Doesn't your XDm came with a mag loader? It might not work as great as Uplula but they work.


----------



## nailer (Apr 26, 2009)

Thank you, Bruce and others. I will get one. Thanks again.


----------



## llorence_ohio (Mar 29, 2010)

You will love your Uplula. I consider mine one of my most usefulo handgun tools.


----------



## rock doc (Apr 22, 2009)

They work too good. Bad side is: less time loading, more time shooting, shooting more ammo.


----------



## flyinpolack (Dec 16, 2009)

*Oh Yah!*

A huge thumbs up for the uplula!
I love it!:smt023


----------



## dondavis3 (Aug 2, 2009)

It sure does for me and well worth the $$$ - saves me getting my nails done so often ... :mrgreen:

:smt1099


----------



## Hollander (Feb 2, 2009)

Had mine for over a year. Couple thousand rounds through it. If I did not have it I would not be able to shoot unless it was a wheel gun. A fabulous invention for us old folk.


----------



## Freedom1911 (Oct 22, 2009)

They cost a bit but they are probably the best mag loaders you can buy.
I saw one in person and bought one for myself the same day, Two weeks later my friend went out and bought one for himself so that when he and his wife go to the range they will have one and not have to borrow mine.
Well worth the money and they have worked on every pistol magazine I have tried it on so far, granted that is only about 15 pistols, but still, to me that is impressive.


----------



## kybandit (Jan 13, 2010)

the thing works like a charm...don't leave home without it.


----------



## Baldy (Jun 21, 2006)

They are the cats meow for loading mags. The one one for the .223 loads and strips mags in a flash. :smt033


----------



## zebramochaman (May 6, 2010)

For me it was the best accessory I have purchased.


----------



## Spokes (Jun 1, 2008)

A wonderful invention.


----------



## [email protected] (Mar 23, 2008)

*Uplula cost me $450*

My son and I went shooting, I got him started on the AR, I soon left him and started sighting in my new Leupold Mark 4 8.5 to 25 50mm, that I just mounted on my 308. What I perceived as 20 min passed, I walked about 25 yards, back to where I left my son, and now there is a huge pile of brass to his right. Damn you, inventor of the uplula, it's supposed to take more time to load than unload.

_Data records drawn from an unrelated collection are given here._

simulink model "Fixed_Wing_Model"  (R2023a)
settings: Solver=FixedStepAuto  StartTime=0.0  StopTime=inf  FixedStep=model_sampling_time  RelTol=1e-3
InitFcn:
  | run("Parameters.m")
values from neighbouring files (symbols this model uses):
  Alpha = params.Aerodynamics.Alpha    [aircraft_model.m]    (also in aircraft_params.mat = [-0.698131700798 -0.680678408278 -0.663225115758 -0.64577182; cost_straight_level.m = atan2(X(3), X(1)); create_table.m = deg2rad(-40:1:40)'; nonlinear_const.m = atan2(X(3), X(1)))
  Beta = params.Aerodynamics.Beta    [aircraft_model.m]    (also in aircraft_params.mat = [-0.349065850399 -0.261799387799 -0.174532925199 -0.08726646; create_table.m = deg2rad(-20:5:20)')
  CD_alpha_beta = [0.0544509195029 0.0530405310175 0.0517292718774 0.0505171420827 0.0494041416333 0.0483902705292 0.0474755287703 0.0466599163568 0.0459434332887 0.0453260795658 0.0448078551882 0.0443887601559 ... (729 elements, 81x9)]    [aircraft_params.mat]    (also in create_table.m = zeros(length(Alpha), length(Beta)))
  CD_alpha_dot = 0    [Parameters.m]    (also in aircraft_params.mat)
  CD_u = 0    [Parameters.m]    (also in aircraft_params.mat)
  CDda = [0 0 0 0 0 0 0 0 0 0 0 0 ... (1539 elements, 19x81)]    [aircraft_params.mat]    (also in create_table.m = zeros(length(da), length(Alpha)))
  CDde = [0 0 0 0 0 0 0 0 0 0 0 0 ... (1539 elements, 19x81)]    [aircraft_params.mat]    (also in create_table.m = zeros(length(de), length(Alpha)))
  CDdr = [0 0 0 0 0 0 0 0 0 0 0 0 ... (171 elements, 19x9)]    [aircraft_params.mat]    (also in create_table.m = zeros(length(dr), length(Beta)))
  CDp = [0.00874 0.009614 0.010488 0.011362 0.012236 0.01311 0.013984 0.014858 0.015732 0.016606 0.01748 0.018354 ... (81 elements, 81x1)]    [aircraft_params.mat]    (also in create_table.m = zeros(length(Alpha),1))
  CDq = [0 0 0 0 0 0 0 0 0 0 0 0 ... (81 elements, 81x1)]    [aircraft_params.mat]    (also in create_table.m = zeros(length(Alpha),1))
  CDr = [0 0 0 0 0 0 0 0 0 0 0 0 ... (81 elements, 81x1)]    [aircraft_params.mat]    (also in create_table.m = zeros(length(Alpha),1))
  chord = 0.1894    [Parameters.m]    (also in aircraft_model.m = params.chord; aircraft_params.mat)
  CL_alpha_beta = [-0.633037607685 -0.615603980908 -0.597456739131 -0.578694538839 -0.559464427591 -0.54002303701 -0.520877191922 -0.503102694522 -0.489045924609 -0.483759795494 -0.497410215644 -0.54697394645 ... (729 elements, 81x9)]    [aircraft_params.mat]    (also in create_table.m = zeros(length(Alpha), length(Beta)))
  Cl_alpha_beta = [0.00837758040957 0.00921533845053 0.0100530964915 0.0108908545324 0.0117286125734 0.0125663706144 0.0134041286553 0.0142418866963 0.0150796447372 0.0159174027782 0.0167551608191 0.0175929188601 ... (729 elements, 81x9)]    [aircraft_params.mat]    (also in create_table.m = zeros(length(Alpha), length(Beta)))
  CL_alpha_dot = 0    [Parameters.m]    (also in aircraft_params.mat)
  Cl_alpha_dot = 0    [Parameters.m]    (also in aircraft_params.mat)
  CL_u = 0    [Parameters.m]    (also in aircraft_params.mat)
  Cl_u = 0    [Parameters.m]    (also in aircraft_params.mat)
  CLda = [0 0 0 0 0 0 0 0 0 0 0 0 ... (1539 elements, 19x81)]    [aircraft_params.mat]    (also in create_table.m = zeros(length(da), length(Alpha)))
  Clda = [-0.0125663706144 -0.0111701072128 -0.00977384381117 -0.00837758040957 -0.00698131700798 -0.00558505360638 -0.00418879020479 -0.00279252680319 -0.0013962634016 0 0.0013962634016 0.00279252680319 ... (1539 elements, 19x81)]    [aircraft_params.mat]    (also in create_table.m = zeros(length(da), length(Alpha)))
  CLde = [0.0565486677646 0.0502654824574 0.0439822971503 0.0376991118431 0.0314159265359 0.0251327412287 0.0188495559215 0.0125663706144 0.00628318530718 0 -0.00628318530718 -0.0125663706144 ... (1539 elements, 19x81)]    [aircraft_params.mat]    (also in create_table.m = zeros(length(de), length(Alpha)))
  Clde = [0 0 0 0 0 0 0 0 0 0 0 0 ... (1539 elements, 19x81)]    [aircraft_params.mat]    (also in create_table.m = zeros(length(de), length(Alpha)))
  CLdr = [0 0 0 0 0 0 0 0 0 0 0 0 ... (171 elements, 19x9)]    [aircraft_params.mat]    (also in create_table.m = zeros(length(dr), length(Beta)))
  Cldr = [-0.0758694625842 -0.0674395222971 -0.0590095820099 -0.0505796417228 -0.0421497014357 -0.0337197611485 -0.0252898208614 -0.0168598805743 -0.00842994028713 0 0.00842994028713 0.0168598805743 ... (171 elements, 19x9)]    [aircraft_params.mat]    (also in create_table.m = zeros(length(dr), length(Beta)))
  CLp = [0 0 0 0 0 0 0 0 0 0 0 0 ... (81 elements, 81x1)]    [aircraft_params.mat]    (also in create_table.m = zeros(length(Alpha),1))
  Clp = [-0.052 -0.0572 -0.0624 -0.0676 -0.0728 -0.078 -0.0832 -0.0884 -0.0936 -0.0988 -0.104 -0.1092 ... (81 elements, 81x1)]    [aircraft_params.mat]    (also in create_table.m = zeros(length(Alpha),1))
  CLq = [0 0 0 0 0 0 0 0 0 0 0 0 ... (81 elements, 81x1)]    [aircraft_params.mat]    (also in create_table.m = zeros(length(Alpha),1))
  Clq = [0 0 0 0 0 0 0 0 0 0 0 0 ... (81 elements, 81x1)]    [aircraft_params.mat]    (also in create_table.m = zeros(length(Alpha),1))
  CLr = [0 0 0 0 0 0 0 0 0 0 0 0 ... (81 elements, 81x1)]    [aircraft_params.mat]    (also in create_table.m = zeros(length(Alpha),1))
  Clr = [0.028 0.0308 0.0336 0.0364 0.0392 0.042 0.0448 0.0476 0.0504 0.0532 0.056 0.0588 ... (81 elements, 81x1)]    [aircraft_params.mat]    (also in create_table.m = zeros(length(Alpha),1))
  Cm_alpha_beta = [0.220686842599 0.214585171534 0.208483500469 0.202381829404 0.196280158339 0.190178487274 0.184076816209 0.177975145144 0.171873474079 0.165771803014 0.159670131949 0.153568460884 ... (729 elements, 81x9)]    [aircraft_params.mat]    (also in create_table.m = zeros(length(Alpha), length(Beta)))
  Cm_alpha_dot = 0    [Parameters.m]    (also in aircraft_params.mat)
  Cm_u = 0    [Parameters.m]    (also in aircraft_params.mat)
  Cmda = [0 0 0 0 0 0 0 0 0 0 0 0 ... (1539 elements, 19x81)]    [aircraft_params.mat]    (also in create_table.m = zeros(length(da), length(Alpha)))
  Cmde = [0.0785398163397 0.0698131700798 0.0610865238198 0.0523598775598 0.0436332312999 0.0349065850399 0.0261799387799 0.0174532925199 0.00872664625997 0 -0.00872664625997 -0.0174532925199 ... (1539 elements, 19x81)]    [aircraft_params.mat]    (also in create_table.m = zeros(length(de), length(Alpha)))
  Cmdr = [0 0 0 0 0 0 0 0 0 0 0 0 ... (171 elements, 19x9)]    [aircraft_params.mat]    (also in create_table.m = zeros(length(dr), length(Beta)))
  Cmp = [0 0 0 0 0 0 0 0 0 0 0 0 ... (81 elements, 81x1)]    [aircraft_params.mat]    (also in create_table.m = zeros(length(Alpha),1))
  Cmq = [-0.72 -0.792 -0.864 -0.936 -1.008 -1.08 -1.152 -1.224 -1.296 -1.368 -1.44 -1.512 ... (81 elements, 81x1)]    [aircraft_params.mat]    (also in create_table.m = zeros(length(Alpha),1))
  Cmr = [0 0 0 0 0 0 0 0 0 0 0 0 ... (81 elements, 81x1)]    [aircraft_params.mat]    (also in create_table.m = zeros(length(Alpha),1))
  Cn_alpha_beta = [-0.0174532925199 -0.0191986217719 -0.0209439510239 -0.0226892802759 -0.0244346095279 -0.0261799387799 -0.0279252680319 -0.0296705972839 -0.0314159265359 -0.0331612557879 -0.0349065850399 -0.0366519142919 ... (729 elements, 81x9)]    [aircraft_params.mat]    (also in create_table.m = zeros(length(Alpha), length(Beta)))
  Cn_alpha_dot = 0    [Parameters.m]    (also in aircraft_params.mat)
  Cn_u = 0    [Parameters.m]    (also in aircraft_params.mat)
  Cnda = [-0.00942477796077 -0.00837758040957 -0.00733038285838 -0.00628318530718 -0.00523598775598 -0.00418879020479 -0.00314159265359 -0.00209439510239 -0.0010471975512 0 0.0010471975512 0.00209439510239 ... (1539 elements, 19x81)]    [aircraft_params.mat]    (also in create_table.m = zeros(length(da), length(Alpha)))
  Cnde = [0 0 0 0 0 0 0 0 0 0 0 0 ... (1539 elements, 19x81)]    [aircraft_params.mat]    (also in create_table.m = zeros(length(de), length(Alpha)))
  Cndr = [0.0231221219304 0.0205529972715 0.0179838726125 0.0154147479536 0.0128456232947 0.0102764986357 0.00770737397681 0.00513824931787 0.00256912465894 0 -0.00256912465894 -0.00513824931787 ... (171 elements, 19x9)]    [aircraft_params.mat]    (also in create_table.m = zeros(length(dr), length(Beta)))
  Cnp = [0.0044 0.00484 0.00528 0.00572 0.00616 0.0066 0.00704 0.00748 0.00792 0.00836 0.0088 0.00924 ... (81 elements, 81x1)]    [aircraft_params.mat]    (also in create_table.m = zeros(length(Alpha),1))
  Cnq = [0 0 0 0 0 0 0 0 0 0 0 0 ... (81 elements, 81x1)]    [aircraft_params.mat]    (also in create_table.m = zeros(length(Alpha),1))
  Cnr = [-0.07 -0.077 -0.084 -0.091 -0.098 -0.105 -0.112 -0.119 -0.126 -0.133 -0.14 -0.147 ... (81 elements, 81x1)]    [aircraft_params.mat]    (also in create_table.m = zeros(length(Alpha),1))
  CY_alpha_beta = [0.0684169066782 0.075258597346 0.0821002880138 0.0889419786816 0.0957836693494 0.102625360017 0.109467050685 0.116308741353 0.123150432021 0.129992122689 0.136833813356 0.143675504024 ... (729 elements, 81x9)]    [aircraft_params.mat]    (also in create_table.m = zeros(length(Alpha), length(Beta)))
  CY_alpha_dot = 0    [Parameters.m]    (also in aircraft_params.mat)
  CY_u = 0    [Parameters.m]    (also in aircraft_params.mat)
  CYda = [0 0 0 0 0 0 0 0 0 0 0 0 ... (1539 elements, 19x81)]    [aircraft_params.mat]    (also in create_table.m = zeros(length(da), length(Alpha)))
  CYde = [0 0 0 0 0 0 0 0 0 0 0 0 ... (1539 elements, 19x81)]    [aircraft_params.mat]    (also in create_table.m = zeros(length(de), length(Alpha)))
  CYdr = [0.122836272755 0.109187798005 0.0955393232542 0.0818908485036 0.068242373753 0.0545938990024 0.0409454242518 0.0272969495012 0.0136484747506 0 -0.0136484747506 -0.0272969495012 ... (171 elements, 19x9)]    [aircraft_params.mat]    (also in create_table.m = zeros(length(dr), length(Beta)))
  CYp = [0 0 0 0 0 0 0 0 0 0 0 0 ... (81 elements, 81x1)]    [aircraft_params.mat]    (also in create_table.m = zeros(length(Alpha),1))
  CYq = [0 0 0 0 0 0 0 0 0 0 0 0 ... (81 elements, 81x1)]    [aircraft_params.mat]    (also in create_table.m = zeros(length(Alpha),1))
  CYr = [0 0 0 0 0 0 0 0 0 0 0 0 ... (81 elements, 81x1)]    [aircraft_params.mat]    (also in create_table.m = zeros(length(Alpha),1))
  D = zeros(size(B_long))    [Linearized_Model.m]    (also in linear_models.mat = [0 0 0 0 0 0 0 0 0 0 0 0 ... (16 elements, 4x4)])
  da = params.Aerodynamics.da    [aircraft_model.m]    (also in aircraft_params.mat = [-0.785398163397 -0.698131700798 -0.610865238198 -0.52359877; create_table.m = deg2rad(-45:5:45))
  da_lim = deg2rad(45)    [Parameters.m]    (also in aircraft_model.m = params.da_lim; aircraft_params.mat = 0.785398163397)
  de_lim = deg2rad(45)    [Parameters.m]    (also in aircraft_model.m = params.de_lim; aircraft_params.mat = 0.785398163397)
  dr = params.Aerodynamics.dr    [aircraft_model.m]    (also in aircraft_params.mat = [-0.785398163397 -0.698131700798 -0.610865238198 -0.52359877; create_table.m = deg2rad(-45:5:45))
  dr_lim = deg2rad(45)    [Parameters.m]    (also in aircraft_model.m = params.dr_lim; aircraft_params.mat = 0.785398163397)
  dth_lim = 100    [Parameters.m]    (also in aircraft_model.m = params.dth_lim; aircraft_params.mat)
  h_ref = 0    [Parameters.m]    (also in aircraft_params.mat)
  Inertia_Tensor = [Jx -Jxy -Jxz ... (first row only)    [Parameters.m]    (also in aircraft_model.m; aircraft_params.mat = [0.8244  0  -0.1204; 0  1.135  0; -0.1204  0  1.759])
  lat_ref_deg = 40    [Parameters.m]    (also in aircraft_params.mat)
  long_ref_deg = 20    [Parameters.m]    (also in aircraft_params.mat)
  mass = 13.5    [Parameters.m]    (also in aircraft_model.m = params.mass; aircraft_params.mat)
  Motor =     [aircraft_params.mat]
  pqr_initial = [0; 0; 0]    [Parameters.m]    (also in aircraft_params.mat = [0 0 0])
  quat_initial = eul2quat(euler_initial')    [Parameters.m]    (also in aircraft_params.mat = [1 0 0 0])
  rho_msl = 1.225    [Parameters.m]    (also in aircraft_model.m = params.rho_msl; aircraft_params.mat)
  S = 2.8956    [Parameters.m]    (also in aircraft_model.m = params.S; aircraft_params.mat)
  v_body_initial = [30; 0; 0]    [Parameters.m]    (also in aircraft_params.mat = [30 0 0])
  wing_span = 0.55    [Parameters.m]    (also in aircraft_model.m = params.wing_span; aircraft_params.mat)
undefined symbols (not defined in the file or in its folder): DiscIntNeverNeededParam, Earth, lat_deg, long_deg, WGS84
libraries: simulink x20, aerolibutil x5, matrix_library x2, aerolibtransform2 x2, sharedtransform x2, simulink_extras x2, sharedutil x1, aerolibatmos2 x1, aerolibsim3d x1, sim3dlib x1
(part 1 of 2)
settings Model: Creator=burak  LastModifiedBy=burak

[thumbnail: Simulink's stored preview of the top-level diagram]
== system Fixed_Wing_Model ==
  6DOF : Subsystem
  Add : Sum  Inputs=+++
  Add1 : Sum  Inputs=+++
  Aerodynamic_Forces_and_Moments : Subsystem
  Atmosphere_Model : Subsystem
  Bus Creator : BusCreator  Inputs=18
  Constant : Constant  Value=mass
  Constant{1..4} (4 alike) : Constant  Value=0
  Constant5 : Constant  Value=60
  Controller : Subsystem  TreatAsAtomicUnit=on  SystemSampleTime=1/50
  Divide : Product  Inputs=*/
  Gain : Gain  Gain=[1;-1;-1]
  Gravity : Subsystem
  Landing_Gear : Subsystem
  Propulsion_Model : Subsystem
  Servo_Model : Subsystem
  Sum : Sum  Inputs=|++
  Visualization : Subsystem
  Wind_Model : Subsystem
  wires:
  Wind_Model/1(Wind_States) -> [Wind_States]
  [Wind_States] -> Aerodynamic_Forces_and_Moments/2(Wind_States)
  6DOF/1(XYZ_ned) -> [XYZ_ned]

Let your kids shoot guns and make sure they are safe and responsible, but go to any length necessary to hide the Uplula from your kids!!!!!!!

Kenny


----------



## Bisley (Aug 24, 2008)

Mag loaders work fine for getting those last few rounds in a magazine, but I rarely use them these days because most of my practice is done 5 rounds at a time. 

The first five are usually easy to load without a mechanical assist, and I find that I put a lot more shots on target. My shooting precision always declines as I get part way through a full magazine, so I just shoot five and make them good. It also gives you more practice swapping mags, exercises each mag spring equally, and you always know if all your spare mags are good.

The bonus is that at the end of a practice session, you still feel 'well-practiced,' and you have spent quite a bit less money, and feel you have gotten more for the money you did spend.

Just my opinion, of course. :mrgreen:


----------